While the node is "asserting" that the two are the same, if you use
different SIDs for OAM compared with data traffic then you are not
actually checking the same forwarding path. You are not using the same
FIB entries. Sure, if everything works right they are the same. But
the whole point of OAM is for when not everything is working right.
Yours,
Joel
On 3/1/2020 8:07 AM, Robert Raszuk wrote:
Nope.
Node can advertise two SIDs or PSP in a given network may be a well know
function (to limit IGP burden) Example: odd SID includes PSP and even
SID does not.
O*A*M packets can use on the exact same path but the penultimate hop
traversal is directed by even SID and is not subject to PSP.
Done.
Thx,
R.
On Sun, Mar 1, 2020 at 5:50 AM Joel M. Halpern <j...@joelhalpern.com
<mailto:j...@joelhalpern.com>> wrote:
Presuming that by "OEM" you mean "OAM", then no, this does not work.

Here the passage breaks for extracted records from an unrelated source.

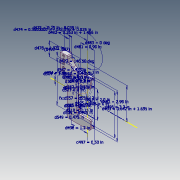
# Autodesk Inventor part: J005316
Saved by Autodesk Inventor 2015 SP1 (Build 190203100, 203)
## iProperties
Created: 2014-10-30
Material: ALUMINUM, 6061-T651
Vendor: HHMI: JRC - ID&F
Document SubType Name: Modeling
Designer: arnoldj
Density: 2.7 g/cm^3
Mass: 47.9365 g
Surface Area: 89.1048 cm^2
Volume: 17.7543 cm^3
Description: MBS INLINE CLAMP ARM
Project: P-201804
Appearance: Metal-AL-6061 (Machined)
Part Number: J005316
RuleStatus: InUse
AfterDocSave0: file://Part Number Cleaner
LAB/DEPT: SVOBODA (LAB)
REQUESTING SCIENTIST: SOFRONIEW, NICK
SURFACE ROUGHNESS: 63 Ra
DESIGN DEPARTMENT: HHMI: JRC - ID&F
SPECIAL FINISH: NONE
ALTERED ITEM PART NUMBER: N/A
ALTERED ITEM VENDOR: N/A
ALTERED ITEM DESCRIPTION: N/A
Revision Number: -
Autodesk Inventor part; units mm, degrees
ref_plane "YZ Plane" through (0, 0, 0) normal (1, 0, 0) x (0, 1, 0)
ref_plane "Work Plane13" through (0, 0, -3.81) normal (0, 0, -1) x (-1, 0, 0)
ref_plane "Work Plane14" through (0, 0, -6.35) normal (0, 0, -1) x (-1, 0, 0)
sketch "Sketch1" plane through (0, 0, 0) normal (0, 0, 1) x (1, 0, 0)
  line L0 (0, 79.6138) -> (0, -62.164) projected
  line L1 (-30.389, 41.91) -> (-18.3199, 23.6756)
  line L2 (-29.3116, 41.91) -> (-29.3116, 59.3598)
  line L3 (-34.671, 59.3598) -> (-34.671, 19.4629) construction
  line L4 (-43.9166, 33.4315) -> (-43.9166, 59.3598)
  line L5 (-29.3116, 59.3598) -> (-43.9166, 59.3598)
  line L6 (-30.48, 13.131) -> (-43.9166, 33.4315)
  line L7 (-31.6288, 14.8666) -> (-18.3199, 23.6756)
  line L8 (-69.5376, 0) -> (93.7539, 0) projected
  line L9 (12.573, 37.973) -> (12.573, -37.973) construction
  line L10 (12.573, -37.973) -> (-12.573, -37.973) construction
  line L11 (-12.573, -37.973) -> (-12.573, 37.973) construction
  line L12 (-12.573, 37.973) -> (12.573, 37.973) construction
  line L13 (12.573, 37.973) -> (-12.573, -37.973) construction
  line L14 (12.573, -37.973) -> (-12.573, 37.973) construction
  line L15 (12.7, 41.91) -> (-29.3116, 41.91)
  line L16 (12.7, -41.91) -> (-30.48, -41.91)
  line L17 (-30.48, -41.91) -> (-30.48, 13.131)
  line L18 (12.7, -41.91) -> (12.7, 41.91)
  line L19 (0, 0) -> (70.4266, 0)
  dimension "d473" = 146.5
  dimension "d474" = 9.2456
  dimension "d475" = 5.3594
  dimension "d478" = 25.9283
  dimension "d481" = 25.146
  dimension "d482" = 75.946
  dimension "d483" = 0
  dimension "d492" = 43.9166
  dimension "d493" = 59.3598
  dimension "d494" = 0
  dimension "d495" = 0
  dimension "d496" = 83.82
  dimension "d497" = 12.7
  dimension "d498" = 30.48
  dimension "d499" = 17.4498
  constraints: 36 end point, 5 parallel, 5 point on line, 3 perpendicular, 2 horizontal, 2 midpoint, 2 vertical, 1 other
  measures "d473" angle of L2 L1
  measures "d474" distance between parallel lines of L3 L4
  measures "d475" distance between parallel lines of L3 L2
  measures "d478" distance of L4.start L5.end
  measures "d481" distance of L11.end L9.start
  measures "d482" distance of L10.end L11.end
  measures "d483" angle of L0 L9
  measures "d492" distance from line of L19.start L4
  measures "d493" distance from line of L19.start L5
  measures "d494" distance of L19.start point (0, 0)
  measures "d495" distance of L19.start point (0, 0)
  measures "d496" distance of L16.start L15.start
  measures "d497" distance between parallel lines of L18 L0
  measures "d498" distance between parallel lines of L17 L0
  measures "d499" distance of L2.start L5.start
extrude "Extrusion1" add sketch "Sketch1" along normal blind 7.62
sketch "Sketch32" plane through (0, 0, 0) normal (0, 0, -1) x (-1, 0, 0)
  line L0 (0, -62.164) -> (0, 79.6138) projected
  line L1 (-24.482, 0) -> (57.9922, 0) projected
  point P0 (0, 0)
sketch "Sketch37" plane through (0, 0, 0) normal (0, 0, -1) x (-1, 0, 0)
  line L0 (41.3766, 59.3598) -> (33.1216, 59.3598)
  line L1 (33.1216, 59.3598) -> (41.3766, 59.3598)
  line L2 (41.3766, 59.3598) -> (41.3766, 29.5939)
  line L3 (33.1216, 17.122) -> (41.3766, 29.5939)
  line L4 (33.1216, 17.122) -> (33.1216, 59.3598)
  line L5 (41.3766, 59.3598) -> (33.1216, 59.3598)
  line L6 (43.9166, 59.3598) -> (29.3116, 59.3598) projected
  line L7 (43.9166, 33.4315) -> (43.9166, 59.3598) projected
  line L8 (29.3116, 59.3598) -> (29.3116, 41.91) projected
  line L9 (30.48, 13.131) -> (43.9166, 33.4315) projected
  point P0 (0, 0)
  point P1 (32.8891, 16.7708)
  point P2 (29.3116, 44.1198)
  point P3 (31.6288, 14.8666)
  dimension "d420" = 8.255
  dimension "d560" = 0
  dimension "d561" = 2.54
  constraints: 12 end point, 2 perpendicular, 2 point on line, 8 other
  measures "d420" distance between parallel lines of L2 L4
  measures "d560" distance between parallel lines of L6 L0
  measures "d561" distance between parallel lines of L2 L7
extrude "Extrusion29" add sketch "Sketch37" along normal blind 2.54 contours L2 L3 L4 L0
sketch "Sketch38" plane through (0, 0, -6.35) normal (0, 0, -1) x (-1, 0, 0)
  line L0 (37.2491, 59.3598) -> (37.2491, 23.358) construction
  line L1 (37.2491, 30.3483) -> (43.9166, 30.3483) construction
  line L2 (37.2491, 49.3983) -> (43.9166, 49.3983) construction
  line L3 (37.2491, 43.0483) -> (43.9166, 43.0483) construction
  line L4 (37.2491, 36.6983) -> (43.9166, 36.6983) construction
  circle A0 centre (37.2491, 49.3983) radius 2.5 construction
  circle A1 centre (37.2491, 30.3483) radius 2.5 construction
  line L5 (37.2491, 51.8983) -> (35.7538, 51.8983) construction
  line L6 (37.2491, 55.7483) -> (43.9166, 55.7483) construction
  line L7 (43.9166, 33.4315) -> (43.9166, 59.3598) projected
  line L8 (43.9166, 59.3598) -> (29.3116, 59.3598) projected
  point P0 (41.3766, 59.3598)
  dimension "d415" = 5
  dimension "d407" = 6.35
  dimension "d410" = 6.35
  dimension "d411" = 6.35
  dimension "d412" = 9.9615
  dimension "d413" = 6.9903
  dimension "d416" = 5
  dimension "d427" = 6.35
  dimension "d461" = 19.6903
  dimension "d479" = 6.6675
  dimension "d480" = 9.9615
  constraints: 14 end point, 6 point on line, 2 coincident, 1 centre point, 1 horizontal, 1 parallel, 1 perpendicular, 1 vertical alignment, 2 other
  measures "d407" distance between parallel lines of L2 L3
  measures "d410" distance between parallel lines of L3 L4
  measures "d411" distance between parallel lines of L1 L4
  measures "d412" distance from line of L0.start L2
  measures "d413" distance from line of L0.end L1
  measures "d416" diameter of A1
  measures "d427" distance from line of L2 L6.start
  measures "d461" distance from line of L0.end L3
  measures "d479" distance between parallel lines of L7 L0
  measures "d480" distance from line of L2.start L8
hole "Hole3" at (-37.2491, 43.0483, -6.35) at (-37.2491, 36.6983, -6.35) at (-37.2491, 49.3983, -6.35) at (-37.2491, 55.7483, -6.35) at (-37.2491, 30.3483, -6.35) direction (0, 0, 1) diameter 4.1402 end through all
sketch "Sketch45" plane through (0, 0, 0) normal (0, 0, -1) x (-1, 0, 0)
  line L0 (-12.7, 41.91) -> (-12.7, -41.91) projected
  line L1 (12.7, -38.735) -> (-12.7, -38.735)
  line L2 (-12.7, -38.735) -> (-12.7, 38.735)
  line L3 (-12.7, 38.735) -> (12.7, 38.735)
  line L4 (12.7, 38.735) -> (12.7, -38.735)
  line L5 (12.7, -38.735) -> (-12.7, 38.735) construction
  line L6 (-12.7, -38.735) -> (12.7, 38.735) construction
  line L7 (12.7, 38.735) -> (16.51, 38.735)
  line L8 (16.51, 38.735) -> (16.51, 26.67)
  line L9 (16.51, 26.67) -> (12.7, 26.67)
  line L10 (12.7, 26.67) -> (12.7, 38.735)
  line L11 (12.7, -38.735) -> (16.51, -38.735)
  line L12 (16.51, -38.735) -> (16.51, -26.67)
  line L13 (16.51, -26.67) -> (12.7, -26.67)
  line L14 (12.7, -26.67) -> (12.7, -38.735)
  line L15 (-12.7, 41.91) -> (-12.7, -41.91) projected
  line L16 (12.7, -25.4) -> (-12.7, -25.4)
  line L17 (-12.7, -25.4) -> (-12.7, 25.4)
  line L18 (-12.7, 25.4) -> (12.7, 25.4)
  line L19 (12.7, 25.4) -> (12.7, -25.4)
  line L20 (12.7, -25.4) -> (-12.7, 25.4) construction
  line L21 (-12.7, -25.4) -> (12.7, 25.4) construction
  point P0 (0, 0)
  point P1 (0, 0)
  point P2 (0, 0)
  dimension "d504" = 77.47
  dimension "d505" = 0
  dimension "d506" = 25.4
  dimension "d509" = 12.065
  dimension "d510" = 3.81
  dimension "d511" = 12.065
  dimension "d512" = 3.81
  dimension "d517" = 50.8
  dimension "d519" = 0
  dimension "d521" = 0
  constraints: 40 end point, 8 parallel, 4 horizontal, 4 midpoint, 4 perpendicular, 2 point on line
  measures "d504" distance of L3.end L1.start
  measures "d505" distance of point (0, 0) point (0, 0)
  measures "d506" distance of L2.end L3.end
  measures "d509" distance of L11.end L12.end
  measures "d510" distance of L12.end L13.end
  measures "d511" distance of L7.end L8.end
  measures "d512" distance of L8.end L9.end
  measures "d517" distance of L18.end L16.start
  measures "d519" distance between parallel lines of L4 L19
  measures "d521" distance of point (0, 0) point (0, 0)
extrude "Extrusion33" cut sketch "Sketch45" against normal blind 4.826
extrude "Extrusion34" cut sketch "Sketch45" against normal up to next contours L18 L4 L16 L0
sketch "Sketch46" plane through (0, 0, 0) normal (0, 0, -1) x (-1, 0, 0)
  line L0 (29.3116, 41.91) -> (-12.7, 41.91) projected
  point P0 (0, 0)
sketch "Sketch47" plane through (0, 0, 0) normal (0, 0, -1) x (-1, 0, 0)
  line L0 (29.3116, 41.91) -> (-12.7, 41.91) projected
  line L1 (-12.7, 38.735) -> (16.51, 38.735) projected
  line L2 (-3.175, 41.91) -> (3.175, 41.91)
  line L3 (3.175, 41.91) -> (3.175, 38.735)
  line L4 (3.175, 38.735) -> (-3.175, 38.735)
  line L5 (-3.175, 38.735) -> (-3.175, 41.91)
  line L6 (-12.7, -41.91) -> (30.48, -41.91) projected
  line L7 (16.51, -38.735) -> (-12.7, -38.735) projected
  line L8 (-3.175, -41.91) -> (3.175, -41.91)
  line L9 (3.175, -41.91) -> (3.175, -38.735)
  line L10 (3.175, -38.735) -> (-3.175, -38.735)
  line L11 (-3.175, -38.735) -> (-3.175, -41.91)
  line L12 (0, -41.91) -> (0, -38.735) construction
  line L13 (0, 41.91) -> (0, 38.735) construction
  line L14 (12.7, 26.67) -> (12.7, -26.67) construction
  point P0 (0, 0)
  dimension "d529" = 6.35
  dimension "d530" = 6.35
  dimension "d531" = 12.7
  dimension "d532" = 12.7
  constraints: 20 end point, 4 midpoint, 4 parallel, 4 point on line, 2 horizontal, 2 perpendicular
  measures "d529" distance of L2.start L2.end
  measures "d530" distance of L8.start L8.end
  measures "d531" distance between parallel lines of L14 L12
  measures "d532" distance between parallel lines of L14 L13
extrude "Extrusion35" cut sketch "Sketch47" against normal up to surface (4.826 mm away)
sketch "Sketch50" plane through (0, 0, 0) normal (0, 0, 1) x (1, 0, 0)
  line L0 (-12.7, 26.67) -> (-12.7, 38.735) projected
  line L1 (-12.7, 38.735) -> (-27.94, 38.735)
  line L2 (-27.94, 38.735) -> (-27.94, 26.67)
  line L3 (-27.94, 26.67) -> (-12.7, 26.67)
  line L4 (-12.7, 26.67) -> (-12.7, 38.735)
  line L5 (-12.7, -26.67) -> (-12.7, -38.735) projected
  line L6 (-12.7, -38.735) -> (-27.94, -38.735)
  line L7 (-27.94, -38.735) -> (-27.94, -26.67)
  line L8 (-27.94, -26.67) -> (-12.7, -26.67)
  line L9 (-12.7, -26.67) -> (-12.7, -38.735)
  line L10 (-12.7, -25.4) -> (-12.7, 25.4) projected
  line L11 (-12.7, 22.225) -> (-17.3698, 22.225)
  line L12 (-17.3698, 22.225) -> (-17.3698, -22.225)
  line L13 (-17.3698, -22.225) -> (-12.7, -22.225)
  line L14 (-12.7, -22.225) -> (-12.7, 22.225)
  line L15 (-12.7, 22.225) -> (-17.3698, 17.145)
  line L16 (-12.7, -22.225) -> (-17.3698, -17.145)
  line L17 (-16.51, 38.735) -> (-16.51, 26.67) projected
  point P0 (0, 0)
  dimension "d547" = 12.065
  dimension "d548" = 15.24
  dimension "d549" = 12.065
  dimension "d550" = 15.24
  dimension "d554" = 5.08
  dimension "d555" = 5.08
  dimension "d556" = 44.45
  dimension "d557" = 22.225
  dimension "d562" = 0.8598
  constraints: 28 end point, 6 parallel, 3 horizontal, 3 perpendicular, 3 point on line
  measures "d547" distance of L1.end L2.end
  measures "d548" distance of L2.end L3.end
  measures "d549" distance of L6.end L7.end
  measures "d550" distance of L7.end L8.end
  measures "d554" distance from line of L11 L15.end
  measures "d555" distance from line of L13 L16.end
  measures "d556" distance of L11.end L12.end
  measures "d557" distance from line of point (0, 0) L13
  measures "d562" distance between parallel lines of L17 L12
extrude "Extrusion36" cut sketch "Sketch50" along normal blind 2.54 contours L3 L17 L1 L0 | L3 L2 L1 L17 | L5 L6 L7 L8
extrude "Extrusion37" cut sketch "Sketch50" along normal up to surface (4.826 mm away) contours L16 L12 L15 L10
sketch "Sketch49" plane through (0, 0, 0) normal (0, 0, 1) x (1, 0, 0)
  line L0 (-22.86, 32.004) -> (-22.86, -32.004) construction
  line L1 (0, 79.6138) -> (0, -62.164) projected
  point P0 (0, 0)
  dimension "d537" = 64.008
  dimension "d538" = 32.004
  dimension "d539" = 22.86
  constraints: 2 coincident, 2 end point, 1 vertical
  measures "d537" distance of L0.start L0.end
  measures "d538" vertical distance of L0.end point (0, 0)
  measures "d539" distance between parallel lines of L1 L0
hole "Hole6" at (-22.86, 32.004, 0) at (-22.86, -32.004, 0) at (-22.86, -32.004, 0) direction (0, 0, 1) diameter 2.159 end through all
fillet "Fillet51" radius 1.651 18 edges at (-16.51, 38.735, 3.683) (-16.51, 26.67, 3.683) (-16.51, -26.67, 3.683) (-16.51, -38.735, 3.683) (-12.7, 26.67, 2.413) (-12.7, -26.67, 2.413) (12.7, -25.4, 6.223) (12.7, 25.4, 6.223) (-12.7, 25.4, 6.223) (-12.7, -25.4, 6.223) (-27.94, 38.735, 1.27) (-27.94, 26.67, 1.27) (-27.94, -38.735, 1.27) (-27.94, -26.67, 1.27) (-12.7, 22.225, 2.413) (-17.3698, 17.145, 2.413) (-17.3698, -17.145, 2.413) (-12.7, -22.225, 2.413)
chamfer "Chamfer27" distance 9.525 angle 45 1 edges at (-29.3116, 41.91, 3.81)
fillet "Fillet50" radius 6.604 2 edges at (-29.3116, 51.435, 3.81) (-19.7866, 41.91, 3.81)
fillet "Fillet52" radius 6.604 2 edges at (-30.48, 13.131, 3.81) (-43.9166, 33.4315, 3.81)
chamfer "Chamfer29" distance 1.27 angle 45 10 edges at (7.9375, 38.735, 0) (-14.732, 38.735, 0) (-20.32, 26.67, 0) (-13.1836, 26.1864, 0) (-12.7, 23.9438, 0) (-12.7, -23.9438, 0) (-13.1836, -26.1864, 0) (-20.32, -26.67, 0) (-14.732, -38.735, 0) (7.9375, -38.735, 0)
fillet "Fillet53" radius 1.651 8 edges at (12.7, 41.91, 3.81) (12.7, -41.91, 3.81) (-29.3116, 59.3598, 3.81) (-43.9166, 59.3598, 3.81) (-33.1216, 59.3598, -1.27) (-33.1216, 17.122, -1.27) (-41.3766, 29.5939, -1.27) (-41.3766, 59.3598, -1.27)
fillet "Fillet54" radius 0.635 8 edges at (-3.175, 38.735, 3.048) (-3.175, 41.91, 2.413) (3.175, 38.735, 3.048) (3.175, 41.91, 2.413) (-3.175, -38.735, 3.048) (-3.175, -41.91, 2.413) (3.175, -41.91, 2.413) (3.175, -38.735, 3.048)
fillet "Fillet55" radius 3.302 1 edges at (-30.48, -41.91, 3.81)
sketch "Sketch48" plane through (0, 0, 0) normal (0, 0, 1) x (1, 0, 0)
  circle A0 centre (-20.8102, 26.2497) radius 25.4 construction
  point P0 (0, 0)
  dimension "d536" = 50.8
  constraints: 1 centre point
  measures "d536" diameter of A0
body "Solid1"

If the OAM is intended to monitor a path that has a last SID whose
flavor is PSP, then something will break. The monitoring will monitor
something else, or it won't monitor the last hop, or...
Given the point that was made that ignoring a source route (SRH or
otherwise) with segments-left = 0 is a mandatory behavior of 8200, I am
really left puzzled as to what use case justifies the contortion of PSP.